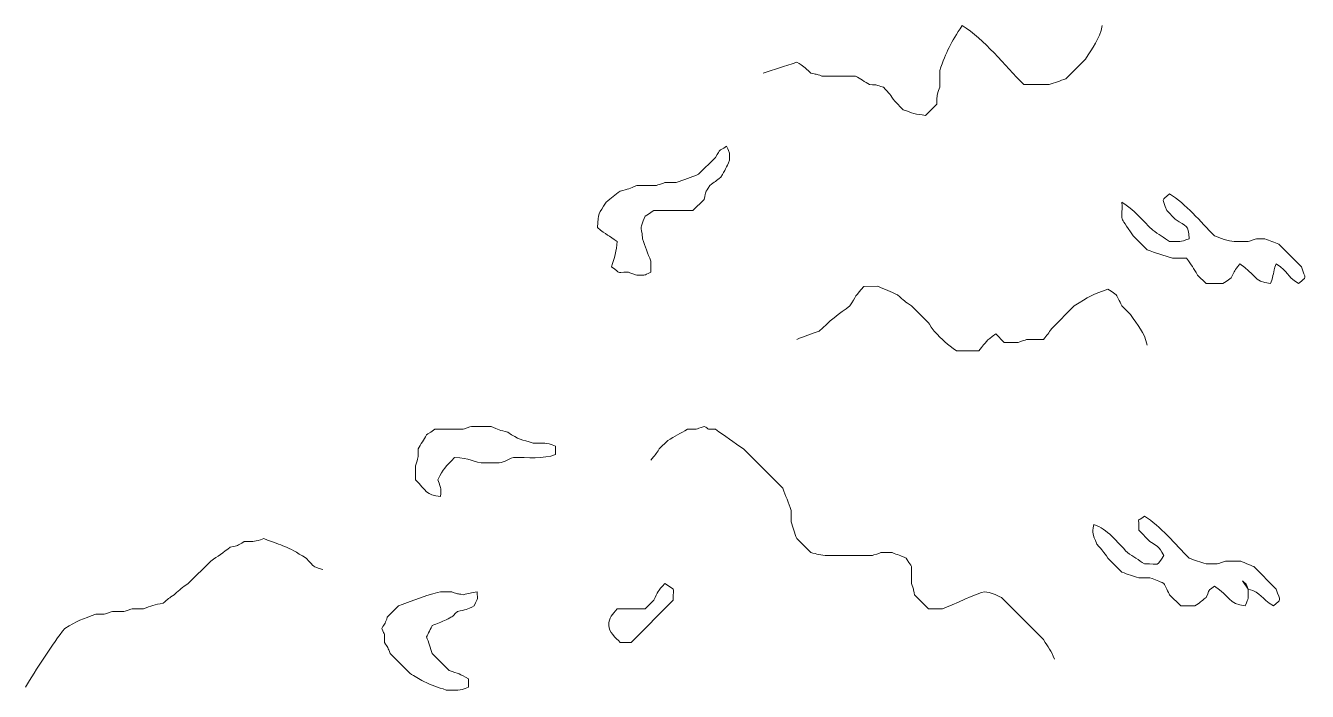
# Model space of a CAD drawing. Header units: millimetres. Extents: x -6423 to -1759, y 6 to 2012.
# Drawn here: x -5551.9 to -5371.2, y 785.4 to 879.3 of the extents above; entities that cross this region are included whole.
import ezdxf

# ---------------------------------------------------------------- set-up
doc = ezdxf.new("R2010")
doc.units = ezdxf.units.MM
doc.header["$MEASUREMENT"] = 0
doc.layers.add('layer 1', color=7, linetype='Continuous')

msp = doc.modelspace()

# ---------------------------------------------------------------- linework, layer by layer
at = {"layer": 'layer 1', "color": 177, "lineweight": 9}
for points, knots in [([(-5400.1433, 879.2982), (-5400.5517, 877.3586), (-5401.5057, 876.2399), (-5402.5147, 874.5534), (-5402.5147, 874.5534), (-5402.5147, 874.5534), (-5405.2825, 871.7875), (-5405.2825, 871.7875), (-5405.2825, 871.7875), (-5406.0738, 871.513), (-5406.8622, 871.2702), (-5407.6542, 870.9965), (-5407.6542, 870.9965), (-5407.6542, 870.9965), (-5411.212, 870.9965), (-5411.212, 870.9965), (-5411.212, 870.9965), (-5413.9154, 873.7002), (-5416.7654, 877.375), (-5419.9084, 879.2977), (-5419.9084, 879.2977), (-5421.4754, 876.9009), (-5422.1496, 875.6342), (-5423.0714, 872.9732), (-5423.0714, 872.9732), (-5423.0714, 872.9732), (-5423.0714, 870.6018), (-5423.0714, 870.6018), (-5423.0714, 870.6018), (-5423.5236, 869.2048), (-5423.4329, 869.7836), (-5423.4664, 868.2298), (-5423.4664, 868.2298), (-5423.4664, 868.2298), (-5425.0479, 866.6477), (-5425.0479, 866.6477), (-5425.0479, 866.6477), (-5426.5084, 866.7598), (-5426.9174, 866.9913), (-5428.2104, 867.4388), (-5428.2104, 867.4388), (-5428.2104, 867.4388), (-5429.3959, 868.624), (-5429.3959, 868.624), (-5429.3959, 868.624), (-5430.04, 869.5877), (-5430.1223, 869.6752), (-5430.9777, 870.6018), (-5430.9777, 870.6018), (-5432.1381, 870.9859), (-5431.7043, 870.9005), (-5432.9541, 870.9962), (-5432.9541, 870.9962), (-5433.6405, 871.4012), (-5434.2469, 871.7727), (-5434.9309, 872.1825), (-5434.9309, 872.1825), (-5434.9309, 872.1825), (-5439.6744, 872.182), (-5439.6744, 872.182), (-5439.6744, 872.182), (-5440.6457, 872.5313), (-5440.3515, 872.4032), (-5441.2556, 872.578), (-5441.2556, 872.578), (-5442.2599, 873.5813), (-5442.1408, 873.4914), (-5443.2324, 874.1587), (-5443.2324, 874.1587), (-5444.9344, 873.4763), (-5446.4236, 873.1797), (-5447.9764, 872.5775)], [0, 0, 0, 0, 0.05263158, 0.05263158, 0.05263158, 0.05263158, 0.10526316, 0.10526316, 0.10526316, 0.10526316, 0.15789474, 0.15789474, 0.15789474, 0.15789474, 0.21052632, 0.21052632, 0.21052632, 0.21052632, 0.26315789, 0.26315789, 0.26315789, 0.26315789, 0.31578947, 0.31578947, 0.31578947, 0.31578947, 0.36842105, 0.36842105, 0.36842105, 0.36842105, 0.42105263, 0.42105263, 0.42105263, 0.42105263, 0.47368421, 0.47368421, 0.47368421, 0.47368421, 0.52631579, 0.52631579, 0.52631579, 0.52631579, 0.57894737, 0.57894737, 0.57894737, 0.57894737, 0.63157895, 0.63157895, 0.63157895, 0.63157895, 0.68421053, 0.68421053, 0.68421053, 0.68421053, 0.73684211, 0.73684211, 0.73684211, 0.73684211, 0.78947368, 0.78947368, 0.78947368, 0.78947368, 0.84210526, 0.84210526, 0.84210526, 0.84210526, 0.89473684, 0.89473684, 0.89473684, 0.89473684, 1, 1, 1, 1]), ([(-5470.1138, 854.3936), (-5469.3815, 854.9842), (-5468.8679, 855.3815), (-5468.1373, 855.974), (-5468.1373, 855.974), (-5466.956, 856.2232), (-5466.8455, 856.3321), (-5465.765, 856.7653), (-5465.765, 856.7653), (-5465.765, 856.7653), (-5462.997, 856.7648), (-5462.997, 856.7648), (-5462.997, 856.7648), (-5462.9743, 856.7766), (-5461.8785, 857.1363), (-5461.8123, 857.1608), (-5461.8123, 857.1608), (-5461.8123, 857.1608), (-5460.2308, 857.16), (-5460.2308, 857.16), (-5460.2308, 857.16), (-5459.1036, 857.551), (-5458.1702, 857.9046), (-5457.0686, 858.3465), (-5457.0686, 858.3465), (-5457.0686, 858.3465), (-5454.6966, 860.718), (-5454.6966, 860.718), (-5454.6966, 860.718), (-5453.7824, 862.0846), (-5454.4416, 861.4202), (-5453.1151, 862.3), (-5453.1151, 862.3), (-5452.6141, 861.0373), (-5452.7544, 861.9222), (-5452.7201, 860.3228), (-5452.7201, 860.3228), (-5453.1459, 859.262), (-5453.312, 858.943), (-5453.9058, 857.9513), (-5453.9058, 857.9513), (-5454.6167, 857.3894), (-5454.7646, 857.2483), (-5455.4871, 856.7648), (-5455.4871, 856.7648), (-5456.1882, 855.5761), (-5456.0025, 856.0935), (-5456.2778, 854.7885), (-5456.2778, 854.7885), (-5456.2778, 854.7885), (-5457.8588, 853.2073), (-5457.8588, 853.2073), (-5457.8588, 853.2073), (-5457.8588, 853.2073), (-5463.393, 853.207), (-5463.393, 853.207), (-5463.393, 853.207), (-5463.4397, 853.1822), (-5464.5118, 852.46), (-5464.5795, 852.4165), (-5464.5795, 852.4165), (-5465.485, 850.3733), (-5465.0932, 851.4088), (-5464.974, 849.2543), (-5464.974, 849.2543), (-5464.5846, 848.1271), (-5464.2307, 847.1937), (-5463.7885, 846.0913), (-5463.7885, 846.0913), (-5463.7885, 846.0913), (-5463.7885, 844.5106), (-5463.7885, 844.5106), (-5463.7885, 844.5106), (-5465.0507, 844.0093), (-5464.1658, 844.1504), (-5465.7653, 844.1153), (-5465.7653, 844.1153), (-5465.789, 844.1256), (-5466.8851, 844.4863), (-5466.9515, 844.5109), (-5466.9515, 844.5109), (-5469.0738, 844.557), (-5467.8016, 844.2176), (-5469.3233, 845.3013), (-5469.3233, 845.3013), (-5468.9417, 846.4752), (-5468.6325, 847.556), (-5468.5323, 848.8585), (-5468.5323, 848.8585), (-5469.7499, 849.7527), (-5470.0797, 849.7355), (-5471.2995, 850.835), (-5471.2995, 850.835), (-5471.2534, 852.9315), (-5471.1244, 852.68), (-5470.1138, 854.3936)], [0, 0, 0, 0, 0.04, 0.04, 0.04, 0.04, 0.08, 0.08, 0.08, 0.08, 0.12, 0.12, 0.12, 0.12, 0.16, 0.16, 0.16, 0.16, 0.2, 0.2, 0.2, 0.2, 0.24, 0.24, 0.24, 0.24, 0.28, 0.28, 0.28, 0.28, 0.32, 0.32, 0.32, 0.32, 0.36, 0.36, 0.36, 0.36, 0.4, 0.4, 0.4, 0.4, 0.44, 0.44, 0.44, 0.44, 0.48, 0.48, 0.48, 0.48, 0.52, 0.52, 0.52, 0.52, 0.56, 0.56, 0.56, 0.56, 0.6, 0.6, 0.6, 0.6, 0.64, 0.64, 0.64, 0.64, 0.68, 0.68, 0.68, 0.68, 0.72, 0.72, 0.72, 0.72, 0.76, 0.76, 0.76, 0.76, 0.8, 0.8, 0.8, 0.8, 0.84, 0.84, 0.84, 0.84, 0.88, 0.88, 0.88, 0.88, 0.92, 0.92, 0.92, 0.92, 1, 1, 1, 1]), ([(-5397.3752, 854.3928), (-5395.7486, 853.3974), (-5394.4675, 851.8805), (-5393.0275, 850.4401), (-5393.0275, 850.4401), (-5392.2262, 849.9167), (-5391.4563, 849.383), (-5390.6555, 848.8585), (-5390.6555, 848.8585), (-5388.9854, 848.8585), (-5389.3388, 848.6916), (-5387.888, 849.2554), (-5387.888, 849.2554), (-5388.0916, 851.3197), (-5388.1456, 850.8593), (-5389.8653, 852.021), (-5389.8653, 852.021), (-5389.8653, 852.021), (-5391.0511, 853.2073), (-5391.0511, 853.2073), (-5391.0511, 853.2073), (-5391.6538, 855.0675), (-5391.8956, 854.5138), (-5390.6555, 855.5793), (-5390.6555, 855.5793), (-5388.3787, 854.1866), (-5386.3126, 851.6316), (-5384.3303, 849.6496), (-5384.3303, 849.6496), (-5383.5986, 849.3959), (-5382.3195, 848.8596), (-5381.5631, 848.8593), (-5381.5631, 848.8593), (-5381.5631, 848.8593), (-5379.5863, 848.8585), (-5379.5863, 848.8585), (-5379.5863, 848.8585), (-5379.5628, 848.8696), (-5378.467, 849.2309), (-5378.4008, 849.2543), (-5378.4008, 849.2543), (-5378.4008, 849.2543), (-5377.2146, 849.2546), (-5377.2146, 849.2546), (-5377.2146, 849.2546), (-5376.5662, 848.988), (-5375.8891, 848.7254), (-5375.2378, 848.4633), (-5375.2378, 848.4633), (-5375.2378, 848.4633), (-5372.0759, 845.3008), (-5372.0759, 845.3008), (-5372.0759, 845.3008), (-5371.4726, 843.4414), (-5371.2308, 843.9941), (-5372.4708, 842.9291), (-5372.4708, 842.9291), (-5374.402, 844.137), (-5373.7017, 844.4879), (-5375.6339, 845.6963), (-5375.6339, 845.6963), (-5376.1657, 844.3252), (-5375.8915, 844.3012), (-5376.4243, 842.9291), (-5376.4243, 842.9291), (-5378.8438, 843.168), (-5378.6018, 844.3679), (-5380.7723, 845.6963), (-5380.7723, 845.6963), (-5381.601, 844.5591), (-5381.374, 844.9201), (-5381.9586, 843.7196), (-5381.9586, 843.7196), (-5382.005, 843.6937), (-5383.0771, 842.9723), (-5383.1448, 842.9291), (-5383.1448, 842.9291), (-5383.1448, 842.9291), (-5385.5166, 842.9293), (-5385.5166, 842.9293), (-5385.5166, 842.9293), (-5385.5166, 842.9293), (-5386.7023, 844.1148), (-5386.7023, 844.1148), (-5386.7023, 844.1148), (-5387.3312, 845.165), (-5387.4775, 845.4661), (-5388.2838, 846.4868), (-5388.2838, 846.4868), (-5388.2838, 846.4868), (-5390.2603, 846.4868), (-5390.2603, 846.4868), (-5390.2603, 846.4868), (-5391.4429, 846.8963), (-5392.6357, 847.2646), (-5393.818, 847.6728), (-5393.818, 847.6728), (-5393.818, 847.6728), (-5395.7948, 849.6496), (-5395.7948, 849.6496), (-5395.7948, 849.6496), (-5397.9405, 852.9312), (-5397.2634, 851.2498), (-5397.3752, 854.3928)], [0, 0, 0, 0, 0.03703704, 0.03703704, 0.03703704, 0.03703704, 0.07407407, 0.07407407, 0.07407407, 0.07407407, 0.11111111, 0.11111111, 0.11111111, 0.11111111, 0.14814815, 0.14814815, 0.14814815, 0.14814815, 0.18518519, 0.18518519, 0.18518519, 0.18518519, 0.22222222, 0.22222222, 0.22222222, 0.22222222, 0.25925926, 0.25925926, 0.25925926, 0.25925926, 0.2962963, 0.2962963, 0.2962963, 0.2962963, 0.33333333, 0.33333333, 0.33333333, 0.33333333, 0.37037037, 0.37037037, 0.37037037, 0.37037037, 0.40740741, 0.40740741, 0.40740741, 0.40740741, 0.44444444, 0.44444444, 0.44444444, 0.44444444, 0.48148148, 0.48148148, 0.48148148, 0.48148148, 0.51851852, 0.51851852, 0.51851852, 0.51851852, 0.55555556, 0.55555556, 0.55555556, 0.55555556, 0.59259259, 0.59259259, 0.59259259, 0.59259259, 0.62962963, 0.62962963, 0.62962963, 0.62962963, 0.66666667, 0.66666667, 0.66666667, 0.66666667, 0.7037037, 0.7037037, 0.7037037, 0.7037037, 0.74074074, 0.74074074, 0.74074074, 0.74074074, 0.77777778, 0.77777778, 0.77777778, 0.77777778, 0.81481481, 0.81481481, 0.81481481, 0.81481481, 0.85185185, 0.85185185, 0.85185185, 0.85185185, 0.88888889, 0.88888889, 0.88888889, 0.88888889, 0.92592593, 0.92592593, 0.92592593, 0.92592593, 1, 1, 1, 1]), ([(-5393.818, 834.2321), (-5394.2172, 836.1266), (-5395.1364, 836.9698), (-5396.1898, 838.5811), (-5396.1898, 838.5811), (-5396.1898, 838.5811), (-5397.3758, 839.7671), (-5397.3758, 839.7671), (-5397.3758, 839.7671), (-5397.4796, 840.0089), (-5398.0463, 841.0947), (-5398.1668, 841.3478), (-5398.1668, 841.3478), (-5398.2129, 841.3739), (-5399.2853, 842.0959), (-5399.3525, 842.1389), (-5399.3525, 842.1389), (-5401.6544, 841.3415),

Work to be completed -> Return each line from the entries above that includes "ezdxf".

Answer section ->
import ezdxf
doc = ezdxf.new("R2010")
doc.units = ezdxf.units.MM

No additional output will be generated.